On craignait que la loi, au lieu de se fonder sur un accord relatif au droit constitutionnel des populations des deux Canadas à la gouverne de l’État conformément à leurs vœux et leurs intérêts bien entendus, ne devienne un outil par lequel les Anglais imposeraient leur volonté aux Français. La loi, plutôt que d’être adoptée par un processus démocratique fondé sur la conciliation des intérêts constitutionnels légitimes du peuple, serait adoptée en fonction de la règle de la majorité simple.
Au cours des débats sur la Confédération, George-Étienne Cartier a déclaré :
Si une telle mesure avait été adoptée, quelle en aurait été la conséquence? Il y aurait eu conflit politique constant entre le Haut et le Bas-Canada, et une section aurait été gouvernée par l’autre[38].
(ii) La solution de la Confédération
Au cours des débats sur la Confédération, George Brown a expliqué :
Nos amis du Bas-Canada nous ont concédé la représentation d’après la population qu’à la condition expresse qu’ils auraient l’égalité dans le Conseil législatif. Ce sont là les seuls termes possibles d’arrangement. […] [O]n reconnait jusqu’à un certain point une diversité d’intérêts et la raison pour les provinces moins populeuses de demander la protection de leurs intérêts par l’égalité de représentation dans la chambre haute[39].
[…] [L]e projet actuel nous remet en possession, dans la Chambre basse, de notre influence qui nous livre les cordons de la bourse. Si, à raison de la concession que nous avons faite de l’égalité de représentation dans la Chambre haute, nous ne pouvons forcer le Bas-Canada à subir une législation contraire à ses intérêts, nous aurons du moins ce que nous n’avons jamais eu jusqu’ici, le pouvoir de l’empêcher de faire ce que nous regardons comme des injustices à notre égard[40].
[…] Toutes les affaires locales doivent être bannies de la législature générale; les gouvernements locaux seront chargés des affaires locales, et si nos amis du Bas-Canada jugent à propos de faire trop de dépenses, eux seuls en porteront le fardeau[41].
(iii) L’intention de la Confédération
L’intention de la Confédération était énoncée dans les 72 résolutions adoptées lors de la conférence de Québec réunissant 32 délégués provinciaux, lesquels représentaient la quasi-totalité des partis politiques des provinces impliquées dans la Confédération.
La deuxième résolution énonce l’intention d’unir les provinces conformément au principe fédéral selon lequel un gouvernement général serait chargé des questions d’intérêt commun et les gouvernements locaux seraient chargés du contrôle des affaires locales.

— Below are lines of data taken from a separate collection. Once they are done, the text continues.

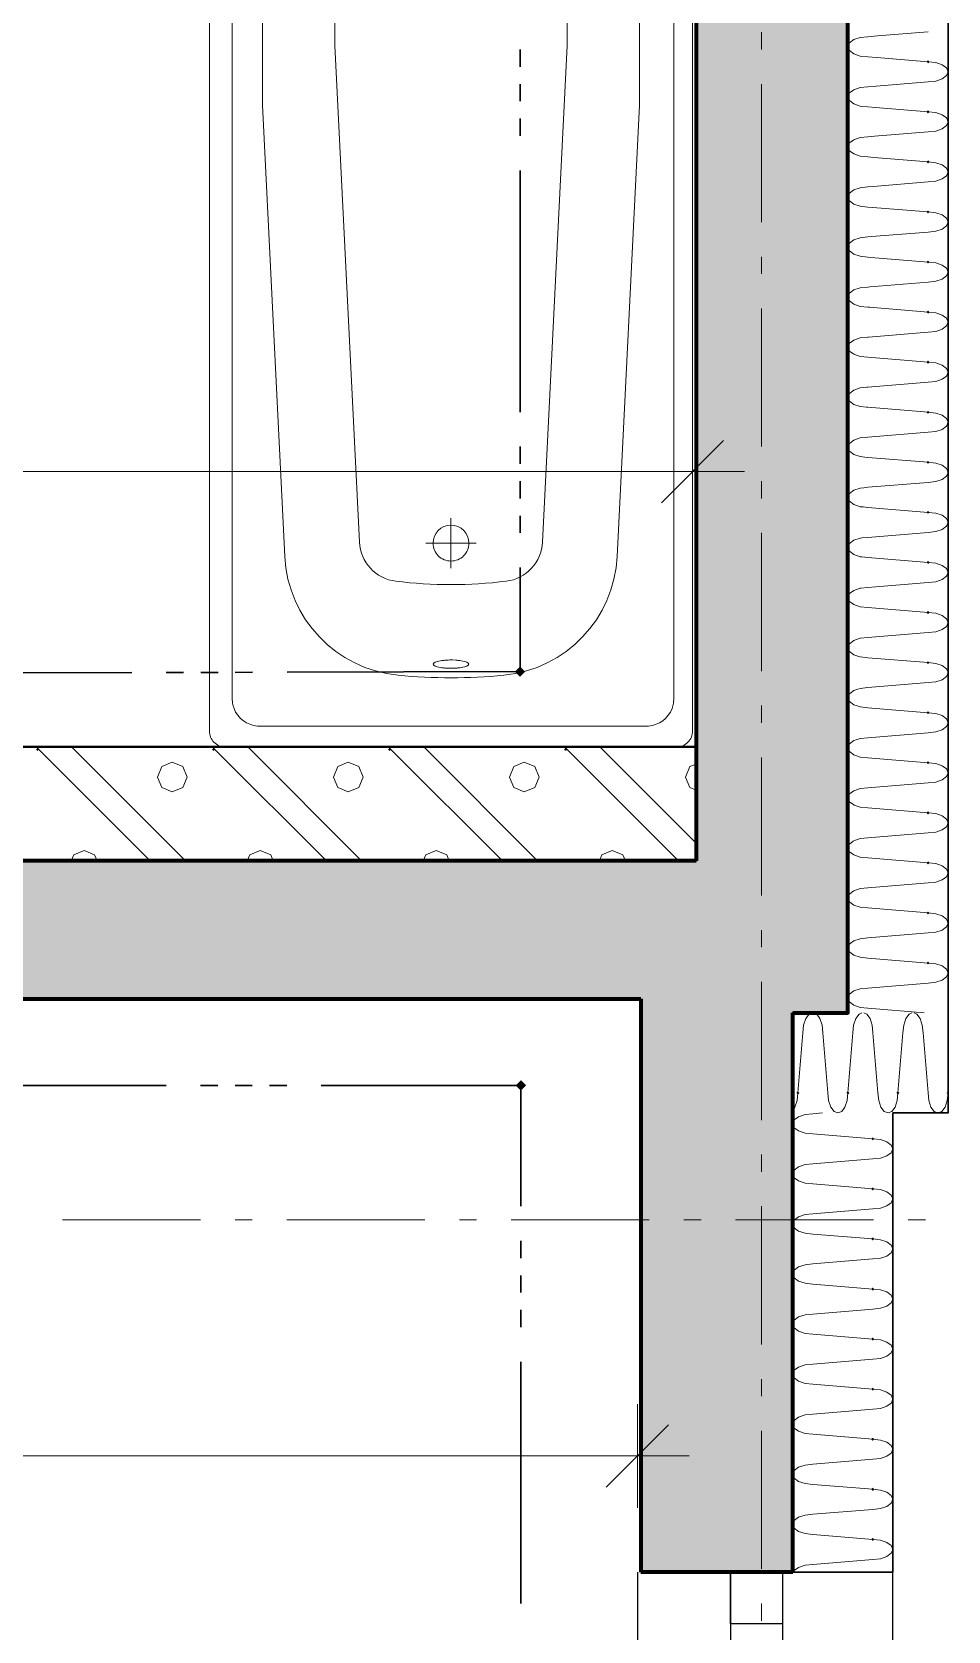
# Model space of a CAD drawing. Header units: millimetres. Extents: x 0 to 594, y 0 to 420.
# Drawn here: x 537.13 to 550.54, y 254.21 to 277.61 of the extents above; entities that cross this region are included whole.
import ezdxf

# ---------------------------------------------------------------- set-up
doc = ezdxf.new("R2010")
doc.units = ezdxf.units.MM
doc.header["$LTSCALE"] = 8
for name, color, linetype in [('PDF_Instalacni prizdivky', 7, 'Continuous'), ('PDF_Koty delkove', 7, 'Continuous'), ('PDF_Okna', 7, 'Continuous'), ('PDF_Osy hlavni', 7, 'Continuous'), ('PDF_Pozarni useky', 7, 'Continuous'), ('PDF_Sanita', 7, 'Continuous'), ('PDF_Steny obvodove nosne', 7, 'Continuous'), ('PDF_Zatepleni', 7, 'Continuous')]:
    doc.layers.add(name, color=color, linetype=linetype)

msp = doc.modelspace()

# ---------------------------------------------------------------- linework, layer by layer
at = {"layer": 'PDF_Instalacni prizdivky', "lineweight": 40}
msp.add_lwpolyline([(522.185, 265.48), (546.044, 265.48), (546.853, 265.48), (546.853, 267.148), (546.802, 267.148), (522.185, 267.148)], close=True, dxfattribs=at)
at = {"layer": 'PDF_Instalacni prizdivky', "lineweight": 9}
for points in [[(537.249, 267.092), (537.193, 267.148)], [(538.861, 265.48), (537.249, 267.092)], [(539.377, 265.48), (537.709, 267.148)], [(539.827, 267.092), (539.771, 267.148)], [(541.439, 265.48), (539.827, 267.092)], [(541.955, 265.48), (540.287, 267.148)], [(542.405, 267.092), (542.349, 267.148)], [(544.017, 265.48), (542.405, 267.092)], [(544.533, 265.48), (542.865, 267.148)], [(544.983, 267.092), (544.927, 267.148)], [(546.595, 265.48), (544.983, 267.092)], [(546.853, 265.738), (545.443, 267.148)], [(546.763, 266.859), (546.7, 266.706), (546.763, 266.553), (546.853, 266.515)], [(546.853, 266.896), (546.763, 266.859)], [(538.084, 265.48), (538.046, 265.57), (537.893, 265.633), (537.74, 265.57), (537.703, 265.48)], [(540.662, 265.48), (540.624, 265.57), (540.471, 265.633), (540.318, 265.57), (540.281, 265.48)], [(543.24, 265.48), (543.202, 265.57), (543.049, 265.633), (542.896, 265.57), (542.859, 265.48)], [(545.818, 265.48), (545.78, 265.57), (545.627, 265.633), (545.474, 265.57), (545.437, 265.48)]]:
    msp.add_lwpolyline(points, dxfattribs=at)
for points in [[(539.182, 266.922), (539.029, 266.859), (538.966, 266.706), (539.029, 266.553), (539.182, 266.489), (539.335, 266.553), (539.399, 266.706), (539.335, 266.859)], [(541.76, 266.922), (541.607, 266.859), (541.544, 266.706), (541.607, 266.553), (541.76, 266.489), (541.913, 266.553), (541.977, 266.706), (541.913, 266.859)], [(544.338, 266.922), (544.185, 266.859), (544.122, 266.706), (544.185, 266.553), (544.338, 266.489), (544.491, 266.553), (544.555, 266.706), (544.491, 266.859)]]:
    msp.add_lwpolyline(points, close=True, dxfattribs=at)
at = {"layer": 'PDF_Instalacni prizdivky', "lineweight": 9, "transparency": 33554559}
for points in [[(537.21, 267.088), (537.187, 267.11), (537.233, 267.11), (537.21, 267.133)], [(539.788, 267.088), (539.765, 267.11), (539.811, 267.11), (539.788, 267.133)], [(542.366, 267.088), (542.343, 267.11), (542.389, 267.11), (542.366, 267.133)], [(544.944, 267.088), (544.921, 267.11), (544.967, 267.11), (544.944, 267.133)]]:
    msp.add_solid(points, dxfattribs=at)
at = {"layer": 'PDF_Koty delkove', "lineweight": 18}
for points in [[(546.802, 271.936), (546.802, 271.178), (546.802, 270.42)], [(547.257, 271.633), (546.348, 270.723)], [(546.802, 271.178), (534.107, 271.178), (533.581, 271.178), (522.185, 271.178), (520.618, 271.178), (513.036, 271.178), (511.469, 271.178), (497.872, 271.178)], [(546.802, 271.178), (547.561, 271.178)], [(545.994, 257.527), (545.994, 256.769), (545.994, 256.01)], [(546.449, 257.224), (545.539, 256.314)], [(545.994, 256.769), (528.82, 256.769), (515.851, 256.769), (511.924, 256.769), (503.432, 256.769), (489.075, 256.769), (483.01, 256.769), (472.901, 256.769), (471.435, 256.769), (437.416, 256.769), (431.451, 256.769), (419.32, 256.769), (408.047, 256.769)], [(545.994, 256.769), (546.752, 256.769)]]:
    msp.add_lwpolyline(points, dxfattribs=at)
at = {"layer": 'PDF_Okna', "lineweight": 25}
for points in [[(545.994, 255.067), (545.994, 247.485)], [(547.359, 255.067), (547.359, 247.485)], [(548.117, 255.067), (548.117, 247.485)], [(549.734, 247.485), (549.734, 255.067)]]:
    msp.add_lwpolyline(points, dxfattribs=at)
msp.add_lwpolyline([(548.117, 255.067), (548.117, 254.309), (547.359, 254.309), (547.359, 255.067)], close=True, dxfattribs=at)
at = {"layer": 'PDF_Osy hlavni', "lineweight": 18}
for points in [[(547.813, 277.356), (547.813, 277.609)], [(547.813, 274.829), (547.813, 276.851)], [(547.813, 274.071), (547.813, 274.324)], [(547.813, 271.543), (547.813, 273.565)], [(547.813, 270.785), (547.813, 271.038)], [(547.813, 268.258), (547.813, 270.28)], [(547.813, 267.499), (547.813, 267.752)], [(547.813, 264.972), (547.813, 266.994)], [(547.813, 264.214), (547.813, 264.467)], [(547.813, 261.686), (547.813, 263.708)], [(547.813, 260.928), (547.813, 261.181)], [(547.813, 258.401), (547.813, 260.423)], [(539.596, 260.223), (537.574, 260.223)], [(540.354, 260.223), (540.102, 260.223)], [(542.882, 260.223), (540.86, 260.223)], [(543.64, 260.223), (543.387, 260.223)], [(546.167, 260.223), (544.146, 260.223)], [(546.926, 260.223), (546.673, 260.223)], [(549.453, 260.223), (547.431, 260.223)], [(550.211, 260.223), (549.959, 260.223)], [(547.813, 257.643), (547.813, 257.895)], [(547.813, 255.115), (547.813, 257.137)], [(547.813, 254.357), (547.813, 254.61)]]:
    msp.add_lwpolyline(points, dxfattribs=at)
at = {"layer": 'PDF_Pozarni useky', "lineweight": 30}
for points in [[(544.275, 277.104), (544.275, 277.356)], [(544.275, 276.598), (544.275, 276.851)], [(544.275, 276.093), (544.275, 276.345)], [(544.275, 272.049), (544.275, 275.587)], [(544.275, 271.291), (544.275, 271.543)], [(544.275, 270.785), (544.275, 271.038)], [(544.275, 270.28), (544.275, 270.532)], [(540.864, 268.241), (544.275, 268.25), (544.275, 269.774)], [(538.59, 268.235), (535.051, 268.226)], [(539.348, 268.237), (539.095, 268.237)], [(539.853, 268.239), (539.601, 268.238)], [(540.359, 268.24), (540.106, 268.239)], [(539.091, 262.193), (535.552, 262.193)], [(539.849, 262.193), (539.596, 262.193)], [(540.354, 262.193), (540.102, 262.193)], [(540.86, 262.193), (540.607, 262.193)], [(544.288, 262.193), (541.365, 262.193)], [(544.288, 260.423), (544.288, 262.193)], [(544.288, 259.664), (544.288, 259.917)], [(544.288, 259.159), (544.288, 259.412)], [(544.288, 258.654), (544.288, 258.906)], [(544.288, 254.61), (544.288, 258.148)]]:
    msp.add_lwpolyline(points, dxfattribs=at)
at = {"layer": 'PDF_Pozarni useky', "lineweight": 30, "transparency": 33554559}
for points in [[(544.275, 268.174), (544.199, 268.25), (544.351, 268.25), (544.275, 268.326)], [(544.351, 268.25), (544.275, 268.174), (544.275, 268.326), (544.199, 268.25)], [(544.364, 262.193), (544.288, 262.117), (544.288, 262.269), (544.212, 262.193)], [(544.288, 262.117), (544.212, 262.193), (544.364, 262.193), (544.288, 262.269)]]:
    msp.add_solid(points, dxfattribs=at)
at = {"layer": 'PDF_Sanita', "lineweight": 13}
for points in [[(539.726, 284.103), (539.726, 284.102), (539.726, 267.381, 0.414236), (539.958, 267.148), (546.57, 267.148, 0.414227), (546.802, 267.381), (546.802, 284.102, 0.41423), (546.57, 284.334), (539.958, 284.334, 0.414233), (539.726, 284.103)], [(544.073, 269.573, 0.364872), (544.605, 270.145), (544.964, 277.417), (544.963, 279.572, 0.395997), (544.014, 280.581, 0.031047), (542.514, 280.581, 0.395991), (541.565, 279.572), (541.564, 277.417), (541.923, 270.145, 0.364869), (542.455, 269.573)]]:
    msp.add_lwpolyline(points, format="xyb", dxfattribs=at)
for points in [[(540.059, 275.741), (540.061, 283.664)], [(546.528, 283.664), (546.53, 275.741), (546.53, 267.861), (546.523, 267.786), (546.515, 267.747), (546.502, 267.71), (546.478, 267.658), (546.446, 267.61), (546.405, 267.564), (546.365, 267.53), (546.32, 267.501), (546.271, 267.479), (546.216, 267.462), (546.159, 267.453), (543.294, 267.451)], [(543.294, 267.451), (540.43, 267.453), (540.373, 267.462), (540.318, 267.479), (540.269, 267.501), (540.224, 267.53), (540.184, 267.564), (540.143, 267.61), (540.111, 267.658), (540.087, 267.71), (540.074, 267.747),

La troisième résolution exprime la volonté de suivre le modèle de la Constitution britannique, autant que les circonstances le permettront.
La quatrième résolution stipule que le gouvernement « sera administré […] suivant les principes de la Constitution britannique[42] ».
La quatorzième résolution prévoit que « les premiers [sénateurs] fédéraux seront … nommés par la Couronne, à la recommandation du Gouvernement général et sur la présentation des gouvernements locaux respectifs. Dans ces nominations, on devrait avoir égard aux droits de […] l’opposition dans chaque province, afin que tous les partis politiques soient, autant que possible, équitablement représentés. »[43]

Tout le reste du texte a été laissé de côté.